L’équipe scientifique a simulé l’interaction des atomes dans la nucléocapside du virus Ebola et a mesuré leur évolution dans le temps, fournissant des informations utiles sur les interactions atomiques. L’une des choses qu’ils ont constatées, c’est que sans l’ARN, la nucléocapside du virus Ebola a conservé sa forme tubulaire. Mais l’empilement des monomères nucléoprotéiques est devenu désordonné et sa symétrie hélicoïdale a été perdue. Avec l’ARN, il a gardé son hélice. Leurs résultats ont montré que la liaison à l’ARN stabilisait l’hélice et préservait la structure de la nucléocapside du virus Ebola.
L’équipe a également découvert des interactions importantes entre les résidus nucléoprotéiques et l’ARNs ss, ainsi que des interactions entre deux nucléoprotéines.

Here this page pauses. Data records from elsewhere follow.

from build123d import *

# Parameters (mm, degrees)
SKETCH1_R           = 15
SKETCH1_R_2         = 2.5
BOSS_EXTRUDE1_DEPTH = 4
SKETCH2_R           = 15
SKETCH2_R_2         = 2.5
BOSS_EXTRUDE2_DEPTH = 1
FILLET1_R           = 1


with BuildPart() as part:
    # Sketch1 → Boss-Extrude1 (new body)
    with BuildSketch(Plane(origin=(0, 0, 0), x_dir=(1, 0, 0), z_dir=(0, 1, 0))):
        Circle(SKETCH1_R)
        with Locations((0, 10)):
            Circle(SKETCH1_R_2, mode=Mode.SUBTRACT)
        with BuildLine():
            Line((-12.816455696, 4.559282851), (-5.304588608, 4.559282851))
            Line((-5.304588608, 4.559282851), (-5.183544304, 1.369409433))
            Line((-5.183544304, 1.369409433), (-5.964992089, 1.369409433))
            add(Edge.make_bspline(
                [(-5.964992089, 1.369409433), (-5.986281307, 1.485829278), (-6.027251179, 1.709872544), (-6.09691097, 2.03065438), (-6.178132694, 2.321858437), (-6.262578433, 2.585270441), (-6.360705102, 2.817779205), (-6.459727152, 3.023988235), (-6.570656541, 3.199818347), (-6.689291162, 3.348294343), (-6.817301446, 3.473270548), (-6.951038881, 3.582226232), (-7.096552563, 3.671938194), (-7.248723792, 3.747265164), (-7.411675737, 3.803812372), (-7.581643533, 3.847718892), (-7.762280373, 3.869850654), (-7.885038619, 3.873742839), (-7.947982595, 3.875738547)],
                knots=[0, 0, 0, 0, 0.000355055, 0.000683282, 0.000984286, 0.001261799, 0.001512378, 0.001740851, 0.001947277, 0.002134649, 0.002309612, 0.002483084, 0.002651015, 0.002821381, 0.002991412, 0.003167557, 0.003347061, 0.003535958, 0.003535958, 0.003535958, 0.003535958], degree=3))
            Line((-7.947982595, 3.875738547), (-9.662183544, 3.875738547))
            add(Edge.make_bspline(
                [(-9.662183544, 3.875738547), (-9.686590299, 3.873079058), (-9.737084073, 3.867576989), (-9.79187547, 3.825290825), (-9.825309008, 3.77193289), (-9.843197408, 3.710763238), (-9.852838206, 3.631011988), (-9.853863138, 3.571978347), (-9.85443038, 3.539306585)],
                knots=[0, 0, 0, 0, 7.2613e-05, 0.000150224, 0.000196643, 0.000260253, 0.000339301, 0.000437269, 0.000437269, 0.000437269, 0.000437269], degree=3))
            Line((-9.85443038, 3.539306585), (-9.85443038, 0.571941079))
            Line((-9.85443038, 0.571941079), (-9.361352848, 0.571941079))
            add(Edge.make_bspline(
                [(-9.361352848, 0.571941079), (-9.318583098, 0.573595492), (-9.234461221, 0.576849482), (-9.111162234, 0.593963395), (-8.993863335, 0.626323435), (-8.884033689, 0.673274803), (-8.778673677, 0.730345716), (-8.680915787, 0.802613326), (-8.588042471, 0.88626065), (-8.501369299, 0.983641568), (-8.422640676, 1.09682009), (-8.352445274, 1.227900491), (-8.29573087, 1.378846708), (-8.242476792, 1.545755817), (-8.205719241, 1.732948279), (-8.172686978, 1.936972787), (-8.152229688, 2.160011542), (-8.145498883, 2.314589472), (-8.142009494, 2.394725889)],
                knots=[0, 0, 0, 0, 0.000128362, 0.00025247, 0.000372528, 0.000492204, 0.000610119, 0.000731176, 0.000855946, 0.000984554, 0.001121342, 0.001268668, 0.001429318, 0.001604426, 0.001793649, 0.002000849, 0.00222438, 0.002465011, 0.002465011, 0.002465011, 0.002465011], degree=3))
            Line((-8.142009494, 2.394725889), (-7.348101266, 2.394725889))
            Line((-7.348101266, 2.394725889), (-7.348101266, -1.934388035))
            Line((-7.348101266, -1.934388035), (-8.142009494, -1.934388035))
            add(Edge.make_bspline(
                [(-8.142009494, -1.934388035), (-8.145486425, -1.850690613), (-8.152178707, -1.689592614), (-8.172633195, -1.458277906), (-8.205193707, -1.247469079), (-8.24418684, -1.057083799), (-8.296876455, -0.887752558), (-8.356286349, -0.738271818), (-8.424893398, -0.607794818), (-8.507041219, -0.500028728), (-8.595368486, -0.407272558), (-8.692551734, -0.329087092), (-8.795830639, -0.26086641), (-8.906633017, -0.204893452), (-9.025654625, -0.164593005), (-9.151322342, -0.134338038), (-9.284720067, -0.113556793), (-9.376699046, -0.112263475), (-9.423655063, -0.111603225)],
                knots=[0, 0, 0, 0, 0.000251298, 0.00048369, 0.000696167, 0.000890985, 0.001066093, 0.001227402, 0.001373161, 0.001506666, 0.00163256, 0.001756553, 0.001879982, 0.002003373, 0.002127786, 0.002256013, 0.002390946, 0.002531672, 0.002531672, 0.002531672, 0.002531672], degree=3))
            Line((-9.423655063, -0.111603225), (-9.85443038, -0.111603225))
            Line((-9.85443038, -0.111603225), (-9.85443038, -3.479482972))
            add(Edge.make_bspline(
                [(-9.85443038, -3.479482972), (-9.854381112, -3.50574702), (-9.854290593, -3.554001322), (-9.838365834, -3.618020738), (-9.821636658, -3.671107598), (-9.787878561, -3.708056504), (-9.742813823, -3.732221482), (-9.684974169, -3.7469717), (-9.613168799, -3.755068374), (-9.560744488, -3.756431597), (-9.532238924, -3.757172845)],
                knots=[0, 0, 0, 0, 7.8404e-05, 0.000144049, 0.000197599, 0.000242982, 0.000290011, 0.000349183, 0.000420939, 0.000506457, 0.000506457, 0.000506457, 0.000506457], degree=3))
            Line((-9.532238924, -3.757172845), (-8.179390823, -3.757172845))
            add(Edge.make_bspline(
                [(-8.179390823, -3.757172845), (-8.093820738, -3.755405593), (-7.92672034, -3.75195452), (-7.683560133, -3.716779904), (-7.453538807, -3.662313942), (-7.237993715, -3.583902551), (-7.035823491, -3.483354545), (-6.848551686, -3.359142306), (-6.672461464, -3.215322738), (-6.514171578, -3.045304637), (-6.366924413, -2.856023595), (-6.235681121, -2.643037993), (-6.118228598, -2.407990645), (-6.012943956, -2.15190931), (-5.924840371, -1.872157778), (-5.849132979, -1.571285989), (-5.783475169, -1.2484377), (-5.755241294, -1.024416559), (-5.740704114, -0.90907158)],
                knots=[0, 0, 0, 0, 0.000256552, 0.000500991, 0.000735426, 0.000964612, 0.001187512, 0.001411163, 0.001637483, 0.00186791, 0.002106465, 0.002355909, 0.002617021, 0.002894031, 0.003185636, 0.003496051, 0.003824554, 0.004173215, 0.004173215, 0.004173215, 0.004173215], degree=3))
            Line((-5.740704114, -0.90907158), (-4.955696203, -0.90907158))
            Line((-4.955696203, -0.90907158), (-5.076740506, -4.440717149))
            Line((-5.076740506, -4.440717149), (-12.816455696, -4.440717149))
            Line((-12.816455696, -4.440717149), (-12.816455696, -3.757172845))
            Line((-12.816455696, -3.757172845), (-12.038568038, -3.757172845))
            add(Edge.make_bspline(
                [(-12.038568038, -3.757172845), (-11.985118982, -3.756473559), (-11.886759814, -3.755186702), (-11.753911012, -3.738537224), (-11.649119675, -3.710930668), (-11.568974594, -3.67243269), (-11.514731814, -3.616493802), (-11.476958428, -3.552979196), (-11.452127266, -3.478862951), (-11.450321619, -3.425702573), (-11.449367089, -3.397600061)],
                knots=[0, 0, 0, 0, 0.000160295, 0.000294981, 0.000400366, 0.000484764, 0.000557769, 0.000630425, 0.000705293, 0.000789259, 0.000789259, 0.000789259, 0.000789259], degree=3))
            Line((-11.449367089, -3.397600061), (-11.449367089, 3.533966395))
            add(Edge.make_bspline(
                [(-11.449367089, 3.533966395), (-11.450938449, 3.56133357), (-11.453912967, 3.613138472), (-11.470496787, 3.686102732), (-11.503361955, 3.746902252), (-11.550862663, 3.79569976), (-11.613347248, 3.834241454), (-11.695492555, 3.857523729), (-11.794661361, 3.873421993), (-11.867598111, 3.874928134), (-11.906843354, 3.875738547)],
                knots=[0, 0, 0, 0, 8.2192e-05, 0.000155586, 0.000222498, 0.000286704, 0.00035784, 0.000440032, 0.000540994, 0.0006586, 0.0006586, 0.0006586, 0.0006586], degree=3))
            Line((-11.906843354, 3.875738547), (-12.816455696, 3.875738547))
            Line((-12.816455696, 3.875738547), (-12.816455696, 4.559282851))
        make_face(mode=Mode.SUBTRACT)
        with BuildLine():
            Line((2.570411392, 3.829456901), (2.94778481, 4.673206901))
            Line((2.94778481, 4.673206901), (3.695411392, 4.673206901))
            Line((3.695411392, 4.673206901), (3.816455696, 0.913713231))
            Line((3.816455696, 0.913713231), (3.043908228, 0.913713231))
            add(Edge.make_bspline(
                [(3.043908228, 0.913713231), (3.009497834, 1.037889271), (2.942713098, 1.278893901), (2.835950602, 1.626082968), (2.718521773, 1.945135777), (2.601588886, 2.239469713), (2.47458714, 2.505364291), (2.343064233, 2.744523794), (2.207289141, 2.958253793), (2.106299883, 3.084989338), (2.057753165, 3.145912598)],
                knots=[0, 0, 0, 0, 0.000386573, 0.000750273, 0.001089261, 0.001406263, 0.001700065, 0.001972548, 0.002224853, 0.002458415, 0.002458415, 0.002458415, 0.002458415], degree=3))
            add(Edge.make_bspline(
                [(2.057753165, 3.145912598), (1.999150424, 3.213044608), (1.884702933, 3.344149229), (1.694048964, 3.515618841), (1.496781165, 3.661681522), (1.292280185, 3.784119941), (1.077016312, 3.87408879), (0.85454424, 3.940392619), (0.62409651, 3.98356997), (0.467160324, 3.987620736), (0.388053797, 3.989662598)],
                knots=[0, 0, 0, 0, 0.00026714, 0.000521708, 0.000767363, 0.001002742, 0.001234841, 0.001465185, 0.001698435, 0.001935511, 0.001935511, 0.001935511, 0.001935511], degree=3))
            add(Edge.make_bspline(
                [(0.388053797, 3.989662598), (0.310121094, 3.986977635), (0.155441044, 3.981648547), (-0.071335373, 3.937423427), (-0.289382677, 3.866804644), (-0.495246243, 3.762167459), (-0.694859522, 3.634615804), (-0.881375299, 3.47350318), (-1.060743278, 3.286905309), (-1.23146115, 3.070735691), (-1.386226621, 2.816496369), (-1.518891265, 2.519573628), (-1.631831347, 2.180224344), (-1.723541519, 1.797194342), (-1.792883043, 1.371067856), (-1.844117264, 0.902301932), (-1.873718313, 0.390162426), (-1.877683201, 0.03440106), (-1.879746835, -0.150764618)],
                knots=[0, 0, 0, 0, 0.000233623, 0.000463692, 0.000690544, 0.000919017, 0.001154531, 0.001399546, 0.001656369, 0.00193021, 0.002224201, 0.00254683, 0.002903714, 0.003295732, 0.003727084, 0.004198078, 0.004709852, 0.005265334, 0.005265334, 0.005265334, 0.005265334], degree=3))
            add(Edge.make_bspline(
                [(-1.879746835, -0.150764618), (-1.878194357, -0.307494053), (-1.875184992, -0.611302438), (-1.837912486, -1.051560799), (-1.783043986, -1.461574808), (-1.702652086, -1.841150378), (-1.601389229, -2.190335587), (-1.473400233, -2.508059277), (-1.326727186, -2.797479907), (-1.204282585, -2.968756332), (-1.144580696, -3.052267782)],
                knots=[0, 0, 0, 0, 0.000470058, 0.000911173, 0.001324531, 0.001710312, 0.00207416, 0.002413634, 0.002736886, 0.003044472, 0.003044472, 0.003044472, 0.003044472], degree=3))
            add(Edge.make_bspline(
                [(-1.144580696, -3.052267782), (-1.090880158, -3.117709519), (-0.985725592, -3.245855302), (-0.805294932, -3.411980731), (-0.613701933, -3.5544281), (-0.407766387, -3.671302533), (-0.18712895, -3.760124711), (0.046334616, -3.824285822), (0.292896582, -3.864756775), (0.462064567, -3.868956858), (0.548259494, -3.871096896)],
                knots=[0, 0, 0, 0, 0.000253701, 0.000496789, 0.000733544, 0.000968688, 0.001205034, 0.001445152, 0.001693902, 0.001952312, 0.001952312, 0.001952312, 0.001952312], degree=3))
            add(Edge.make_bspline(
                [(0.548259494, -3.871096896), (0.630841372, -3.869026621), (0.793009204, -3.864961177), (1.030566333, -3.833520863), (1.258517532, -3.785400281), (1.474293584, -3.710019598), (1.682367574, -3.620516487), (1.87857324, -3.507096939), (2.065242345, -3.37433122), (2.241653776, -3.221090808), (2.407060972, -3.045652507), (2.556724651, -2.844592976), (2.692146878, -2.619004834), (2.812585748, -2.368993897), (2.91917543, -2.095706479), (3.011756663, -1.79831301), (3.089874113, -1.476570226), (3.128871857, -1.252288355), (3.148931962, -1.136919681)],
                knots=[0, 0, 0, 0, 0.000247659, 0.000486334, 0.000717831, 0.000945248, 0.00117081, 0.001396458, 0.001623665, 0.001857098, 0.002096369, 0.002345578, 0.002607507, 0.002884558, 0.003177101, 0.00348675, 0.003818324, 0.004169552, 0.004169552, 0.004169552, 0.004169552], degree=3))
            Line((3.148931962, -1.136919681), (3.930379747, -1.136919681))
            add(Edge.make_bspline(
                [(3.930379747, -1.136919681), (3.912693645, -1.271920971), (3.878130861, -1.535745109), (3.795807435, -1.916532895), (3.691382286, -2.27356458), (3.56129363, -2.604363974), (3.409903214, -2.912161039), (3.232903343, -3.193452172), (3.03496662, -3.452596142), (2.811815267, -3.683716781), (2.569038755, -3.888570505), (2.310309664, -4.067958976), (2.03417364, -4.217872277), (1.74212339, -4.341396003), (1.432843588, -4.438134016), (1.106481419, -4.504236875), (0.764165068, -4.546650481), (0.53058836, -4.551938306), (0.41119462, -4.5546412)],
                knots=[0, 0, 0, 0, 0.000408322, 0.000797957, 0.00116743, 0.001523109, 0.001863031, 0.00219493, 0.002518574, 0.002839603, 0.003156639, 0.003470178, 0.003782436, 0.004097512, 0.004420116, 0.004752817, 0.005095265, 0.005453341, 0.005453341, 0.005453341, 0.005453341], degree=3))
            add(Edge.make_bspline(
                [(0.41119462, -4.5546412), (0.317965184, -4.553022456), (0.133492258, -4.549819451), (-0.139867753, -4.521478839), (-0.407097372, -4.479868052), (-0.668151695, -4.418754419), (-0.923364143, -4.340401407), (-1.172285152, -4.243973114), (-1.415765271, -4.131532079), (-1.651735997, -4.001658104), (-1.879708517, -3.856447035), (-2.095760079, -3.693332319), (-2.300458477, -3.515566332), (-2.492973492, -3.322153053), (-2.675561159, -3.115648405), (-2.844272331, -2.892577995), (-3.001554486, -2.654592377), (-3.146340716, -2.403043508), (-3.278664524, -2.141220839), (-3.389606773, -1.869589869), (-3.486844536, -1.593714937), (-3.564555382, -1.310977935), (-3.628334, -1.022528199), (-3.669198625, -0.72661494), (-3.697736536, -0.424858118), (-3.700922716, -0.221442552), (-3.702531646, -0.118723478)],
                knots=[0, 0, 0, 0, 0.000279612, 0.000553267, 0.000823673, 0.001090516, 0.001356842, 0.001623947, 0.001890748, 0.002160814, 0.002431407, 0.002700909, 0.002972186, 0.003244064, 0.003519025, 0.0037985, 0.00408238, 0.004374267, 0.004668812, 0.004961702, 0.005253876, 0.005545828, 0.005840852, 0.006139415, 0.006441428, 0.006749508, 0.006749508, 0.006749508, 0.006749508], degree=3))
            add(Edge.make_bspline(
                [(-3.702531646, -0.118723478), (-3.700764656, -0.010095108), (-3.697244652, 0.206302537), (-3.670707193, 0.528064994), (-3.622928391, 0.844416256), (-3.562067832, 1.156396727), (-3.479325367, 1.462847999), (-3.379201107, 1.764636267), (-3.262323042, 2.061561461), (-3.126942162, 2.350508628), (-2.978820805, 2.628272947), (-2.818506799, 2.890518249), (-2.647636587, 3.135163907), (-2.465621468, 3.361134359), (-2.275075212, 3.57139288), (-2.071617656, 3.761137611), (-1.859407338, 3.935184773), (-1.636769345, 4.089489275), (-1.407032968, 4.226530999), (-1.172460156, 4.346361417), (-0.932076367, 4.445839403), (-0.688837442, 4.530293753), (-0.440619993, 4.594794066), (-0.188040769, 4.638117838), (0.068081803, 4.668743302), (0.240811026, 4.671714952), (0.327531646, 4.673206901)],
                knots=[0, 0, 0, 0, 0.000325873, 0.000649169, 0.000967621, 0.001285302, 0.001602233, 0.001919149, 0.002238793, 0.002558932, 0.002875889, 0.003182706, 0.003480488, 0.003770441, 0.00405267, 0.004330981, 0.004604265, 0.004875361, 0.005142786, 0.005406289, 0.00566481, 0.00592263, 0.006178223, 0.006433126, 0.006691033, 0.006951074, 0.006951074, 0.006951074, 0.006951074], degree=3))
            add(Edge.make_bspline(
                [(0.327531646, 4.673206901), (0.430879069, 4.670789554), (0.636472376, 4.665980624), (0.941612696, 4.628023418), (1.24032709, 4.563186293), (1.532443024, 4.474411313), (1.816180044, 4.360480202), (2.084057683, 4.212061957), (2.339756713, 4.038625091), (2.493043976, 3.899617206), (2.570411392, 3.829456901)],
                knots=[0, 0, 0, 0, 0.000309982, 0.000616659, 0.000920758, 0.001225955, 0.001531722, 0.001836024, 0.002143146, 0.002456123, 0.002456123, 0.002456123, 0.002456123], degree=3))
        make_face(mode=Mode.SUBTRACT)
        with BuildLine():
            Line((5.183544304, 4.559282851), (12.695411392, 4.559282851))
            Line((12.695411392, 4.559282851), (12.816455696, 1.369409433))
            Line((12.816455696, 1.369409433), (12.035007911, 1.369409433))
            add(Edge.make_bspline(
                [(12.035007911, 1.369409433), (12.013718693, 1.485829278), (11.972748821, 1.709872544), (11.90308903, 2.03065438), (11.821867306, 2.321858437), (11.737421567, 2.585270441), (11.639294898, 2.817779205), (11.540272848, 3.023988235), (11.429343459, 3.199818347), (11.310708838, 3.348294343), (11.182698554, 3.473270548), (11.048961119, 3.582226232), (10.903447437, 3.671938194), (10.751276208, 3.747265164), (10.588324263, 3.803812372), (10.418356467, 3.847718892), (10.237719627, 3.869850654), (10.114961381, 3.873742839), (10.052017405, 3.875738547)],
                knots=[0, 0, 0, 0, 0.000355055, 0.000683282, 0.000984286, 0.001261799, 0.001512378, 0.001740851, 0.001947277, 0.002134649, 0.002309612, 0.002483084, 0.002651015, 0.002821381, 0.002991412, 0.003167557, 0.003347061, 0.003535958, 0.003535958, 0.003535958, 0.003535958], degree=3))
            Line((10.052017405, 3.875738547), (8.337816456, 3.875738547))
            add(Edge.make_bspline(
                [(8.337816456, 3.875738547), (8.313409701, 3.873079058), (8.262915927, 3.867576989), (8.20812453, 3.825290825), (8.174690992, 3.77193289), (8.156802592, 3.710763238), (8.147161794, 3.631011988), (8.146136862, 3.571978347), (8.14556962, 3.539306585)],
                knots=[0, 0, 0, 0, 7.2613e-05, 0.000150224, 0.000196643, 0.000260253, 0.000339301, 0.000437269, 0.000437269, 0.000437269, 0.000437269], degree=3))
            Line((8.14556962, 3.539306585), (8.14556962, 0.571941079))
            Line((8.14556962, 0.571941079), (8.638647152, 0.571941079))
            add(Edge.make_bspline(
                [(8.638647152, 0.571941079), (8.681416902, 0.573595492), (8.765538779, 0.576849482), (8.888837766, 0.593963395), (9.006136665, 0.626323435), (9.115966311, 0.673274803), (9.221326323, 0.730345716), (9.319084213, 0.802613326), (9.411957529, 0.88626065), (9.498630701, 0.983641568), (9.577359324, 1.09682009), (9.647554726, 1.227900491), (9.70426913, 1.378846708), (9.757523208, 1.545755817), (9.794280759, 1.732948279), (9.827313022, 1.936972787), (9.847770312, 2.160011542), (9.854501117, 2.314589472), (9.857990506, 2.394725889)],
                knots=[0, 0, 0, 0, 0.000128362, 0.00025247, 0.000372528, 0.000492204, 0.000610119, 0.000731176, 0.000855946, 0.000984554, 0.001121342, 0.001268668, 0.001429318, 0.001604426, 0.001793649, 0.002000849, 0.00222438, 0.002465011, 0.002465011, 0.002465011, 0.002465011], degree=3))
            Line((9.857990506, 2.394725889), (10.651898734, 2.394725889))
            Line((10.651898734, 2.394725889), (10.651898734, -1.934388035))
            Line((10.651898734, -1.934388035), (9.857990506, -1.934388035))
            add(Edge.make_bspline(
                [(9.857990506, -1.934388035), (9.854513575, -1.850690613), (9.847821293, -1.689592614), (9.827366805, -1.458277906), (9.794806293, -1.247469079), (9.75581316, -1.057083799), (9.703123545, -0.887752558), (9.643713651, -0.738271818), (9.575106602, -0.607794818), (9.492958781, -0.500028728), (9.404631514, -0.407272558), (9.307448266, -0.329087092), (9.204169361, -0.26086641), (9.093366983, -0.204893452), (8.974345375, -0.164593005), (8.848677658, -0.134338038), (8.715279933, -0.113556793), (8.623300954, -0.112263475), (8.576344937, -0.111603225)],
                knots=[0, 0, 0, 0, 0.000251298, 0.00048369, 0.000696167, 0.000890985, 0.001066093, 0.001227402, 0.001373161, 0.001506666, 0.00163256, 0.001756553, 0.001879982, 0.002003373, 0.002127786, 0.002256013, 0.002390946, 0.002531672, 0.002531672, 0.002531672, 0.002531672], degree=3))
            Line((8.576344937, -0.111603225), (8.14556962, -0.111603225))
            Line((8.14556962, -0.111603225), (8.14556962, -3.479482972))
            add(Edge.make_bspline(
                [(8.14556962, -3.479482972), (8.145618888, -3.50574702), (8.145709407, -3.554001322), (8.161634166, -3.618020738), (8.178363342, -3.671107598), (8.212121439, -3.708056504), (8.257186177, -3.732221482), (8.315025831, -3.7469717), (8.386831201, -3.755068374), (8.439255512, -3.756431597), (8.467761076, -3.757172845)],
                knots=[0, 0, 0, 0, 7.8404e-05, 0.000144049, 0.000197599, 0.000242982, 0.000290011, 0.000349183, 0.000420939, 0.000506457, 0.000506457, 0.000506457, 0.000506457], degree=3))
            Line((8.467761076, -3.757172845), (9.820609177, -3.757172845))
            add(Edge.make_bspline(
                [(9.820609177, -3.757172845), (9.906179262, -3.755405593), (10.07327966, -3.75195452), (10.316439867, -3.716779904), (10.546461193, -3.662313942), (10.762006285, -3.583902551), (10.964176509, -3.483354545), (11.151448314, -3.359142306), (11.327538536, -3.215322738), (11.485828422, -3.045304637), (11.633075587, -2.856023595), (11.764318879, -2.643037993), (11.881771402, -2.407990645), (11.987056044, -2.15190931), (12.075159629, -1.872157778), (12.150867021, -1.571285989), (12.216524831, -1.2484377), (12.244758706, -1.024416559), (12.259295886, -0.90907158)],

« Il existe deux types d’interfaces entre les paires de nucléoprotéines qui forment l’agencement hélicoïdal. Nous avons déterminé laquelle de ces interfaces joue un rôle le plus important. Nous pouvons soit cibler cette interface pour déstabiliser l’agencement hélicoïdal, soit stabiliser l’agencement hélicoïdal dans une large mesure. de sorte que la nucléocapside du virus est incapable de se désassembler », a déclaré le co-auteur de l’étude Nidhi Katyal, chercheur postdoctoral au laboratoire de Perilla.
Le virus Ebola est un organisme résistant car il régule étroitement son assemblage macromoléculaire. Perilla a suggéré qu’au lieu d’essayer de concevoir des médicaments qui détruisent la nucléocapside, une bonne stratégie pourrait être de faire le contraire.
« Si vous le rendez trop stable, cela suffit pour tuer le virus », a-t-il déclaré. Empruntant une stratégie à son expérience de la recherche sur le VIH, il souhaite trouver des cibles pour les médicaments pour sur-stabiliser le virus Ebola et l’empêcher de libérer son matériel génétique, étape clé de sa réplication.
Perilla a suggéré une stratégie similaire pour d’autres agents pathogènes étroitement réglementés, tels que les coronavirus et les virus de l’hépatite B. « C’est un endroit idéal, pour ainsi dire. Nous savons ce qui confère la stabilité. D’autres équipes peuvent voir si c’est peut-être un bon site médicamenteux pour le rendre hypostable ou le rendre hyperstable », a déclaré Perilla.
Pour l’avenir, Perilla a indiqué que son laboratoire examinerait de plus près les spécificités de la séquence de l’ARNsb et si elle confère une stabilité au tube de nucléocapside du virus Ebola. Si c’est le cas, certaines régions pourraient être exposées et pourraient être transcrites en premier, comme ce qui se passe dans le noyau de la cellule. Perilla a déclaré que ce serait « inouï dans un virus » et un comportement extrêmement avancé en termes d’ARN régulant la transcription.
Perilla a déclaré: « Nous savons qu’il y aura plus d’agents pathogènes qui ne cesseront de venir, en particulier avec les coronavirus maintenant, et ils peuvent arrêter le monde. Il est bénéfique pour la société d’avoir la capacité d’étudier non seulement un virus, mais en utilisant ces techniques pour étudier un nouveau virus, quelque chose comme les coronavirus. De plus, la possibilité de former de nouveaux étudiants, comme Tanya, fournit aux contribuables leur argent en termes de formation de la prochaine génération, de transfert des connaissances d’autres virus et de lutte contre les problèmes actuels. «
La source:
Université du Texas à Austin, Texas Advanced Computing Center
Référence du journal:
Xu. C., et al. (2020) Déterminants moléculaires de la stabilité de la nucléocapside d’Ebola à partir de simulations de dynamique moléculaire. Journal de physique chimique. doi.org/10.1063/5.0021491.